Private Citizen Alleges Injury
On July 17, 2006, a United States Postal Service (USPS) vehicle driven by a USPS employee acting within the scope of his employment allegedly collided with a car driven by Plaintiff Monica White-Squire. On Aug. 15, 2006, White-Squire's attorney sent a letter to the USPS purporting to provide formal notice that White-Squire was pursuing a personal injury claim against it. The letter did not include a sum certain claim for damages.
The USPS wrote back on Aug. 18, 2006, informing the plaintiff and her counsel of the requirements of the FTCA, which sets out the steps for suing the federal government for tort-caused injuries. The letter included the statement that, under the terms of the FTCA, a “claim must be for a specific amount.” The USPS sent a second letter four days later, informing counsel for the plaintiff that the Aug. 15 letter did not “constitute a valid claim.” It went on to point the plaintiff to the requirements of the FTCA and reiterated that a valid claim must be accompanied by “a 'sum certain' amount for injuries or losses alleged to have occurred by reason of the incident.”

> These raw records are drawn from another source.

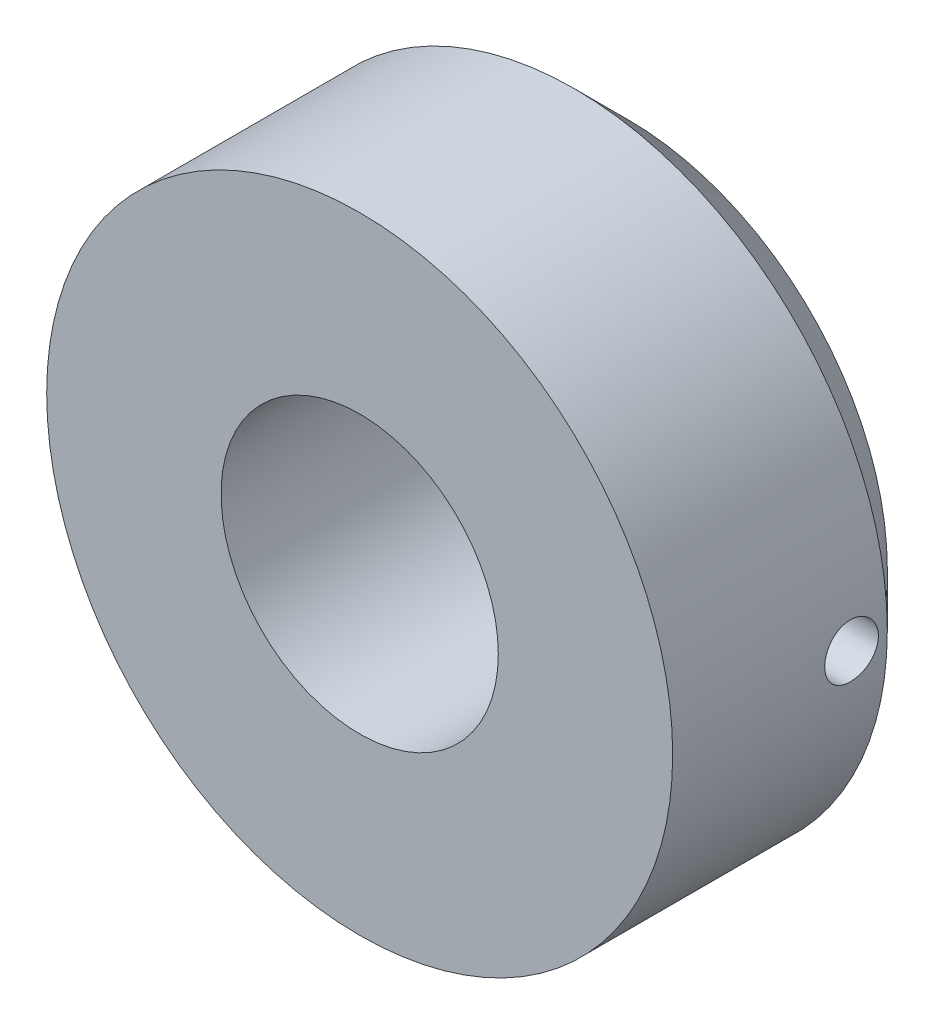
from build123d import *

# Parameters (mm, degrees)
BOSS_EXTRUDE1_DEPTH             = 10
BOSS_EXTRUDE1_DEPTH_BACK        = 5
SKETCH1_R                       = 17.5
SKETCH1_R_2                     = 8.75
SKETCH2_R                       = 1.5
CUT_EXTRUDE1_DEPTH              = 27.69269563
SKETCH3_R                       = 1.5
CUT_EXTRUDE2_DEPTH              = 27.692695815
CHAMFER1_SIZE                   = 3
BOSS_EXTRUDE2_REACH             = 28.693
SKETCH4_R                       = 8.75
SKETCH4_R_2                     = 7.75
BOSS_EXTRUDE2_DIRECTION_2_REACH = 28.693


with BuildPart() as part:
    # Sketch1 → Boss-Extrude1 (new, two sides: drawn at the far end of the back side and taken through both)
    with BuildSketch(Plane.XY.offset(-BOSS_EXTRUDE1_DEPTH_BACK)):
        Circle(SKETCH1_R)
        Circle(SKETCH1_R_2, mode=Mode.SUBTRACT)
    extrude(amount=BOSS_EXTRUDE1_DEPTH + BOSS_EXTRUDE1_DEPTH_BACK)

    # Sketch2 → Cut-Extrude1 (cut, through all)
    with BuildSketch(Plane(origin=(0, 0, 0), x_dir=(1, 0, 0), z_dir=(0, 1, 0))):
        Circle(SKETCH2_R)
    extrude(amount=-CUT_EXTRUDE1_DEPTH, mode=Mode.SUBTRACT)

    # Sketch3 → Cut-Extrude2 (cut, through all)
    with BuildSketch(Plane(origin=(0, 0, 0), x_dir=(0, 0, -1), z_dir=(1, 0, 0))):
        Circle(SKETCH3_R)
    extrude(amount=CUT_EXTRUDE2_DEPTH, mode=Mode.SUBTRACT)

    # Chamfer1
    chamfer1_edges = [part.edges().sort_by_distance(p)[0] for p in [
        (-17.5, 0, -5),
    ]]
    chamfer(chamfer1_edges, length=CHAMFER1_SIZE)

    # Boss-Extrude2: up to this face of the body (flat: up to its plane)
    boss_extrude2_end = Plane(part.part.faces().sort_by_distance((-17.005025253, 0, 10))[0])
    # Sketch4 → Boss-Extrude2 (add, up to the picked face)
    with BuildSketch(Plane.XY, mode=Mode.PRIVATE) as boss_extrude2_sk1:
        Circle(SKETCH4_R)
        Circle(SKETCH4_R_2, mode=Mode.SUBTRACT)
    boss_extrude2_tool1 = split(extrude(boss_extrude2_sk1.sketch, amount=BOSS_EXTRUDE2_REACH, mode=Mode.PRIVATE), bisect_by=boss_extrude2_end, keep=Keep.BOTH, mode=Mode.PRIVATE)
    add(boss_extrude2_tool1.solids().sort_by(Axis((-8.502513, 0, 0), (0, 0, 1)))[0])

    # Boss-Extrude2 direction 2: up to this face of the body (flat: up to its plane)
    boss_extrude2_direction_2_end = Plane(part.part.faces().sort_by_distance((-14.089878067, 0, -5))[0])
    # Sketch4 → Boss-Extrude2 direction 2 (add, up to the picked face)
    with BuildSketch(Plane.XY, mode=Mode.PRIVATE) as boss_extrude2_direction_2_sk1:
        Circle(SKETCH4_R)
        Circle(SKETCH4_R_2, mode=Mode.SUBTRACT)
    boss_extrude2_direction_2_tool1 = split(extrude(boss_extrude2_direction_2_sk1.sketch, amount=-BOSS_EXTRUDE2_DIRECTION_2_REACH, mode=Mode.PRIVATE), bisect_by=boss_extrude2_direction_2_end, keep=Keep.BOTH, mode=Mode.PRIVATE)
    add(boss_extrude2_direction_2_tool1.solids().sort_by(Axis((-8.502513, 0, 0), (0, 0, -1)))[0])


solid = part.part

Plaintiff's counsel wrote back on Oct. 6, 2006, telling the USPS that White-Squire was still receiving medical treatment for her injuries, so a sum certain could not yet be provided. He said that he would submit White-Squire's medical records and a “'sum certain' demand to resolve the claim” once she was discharged from her doctor's care. The plaintiff, however, never submitted a completed Standard Form 95 (used for making claims under the FTCA), supporting medical records, or a sum-certain demand for damages to the USPS.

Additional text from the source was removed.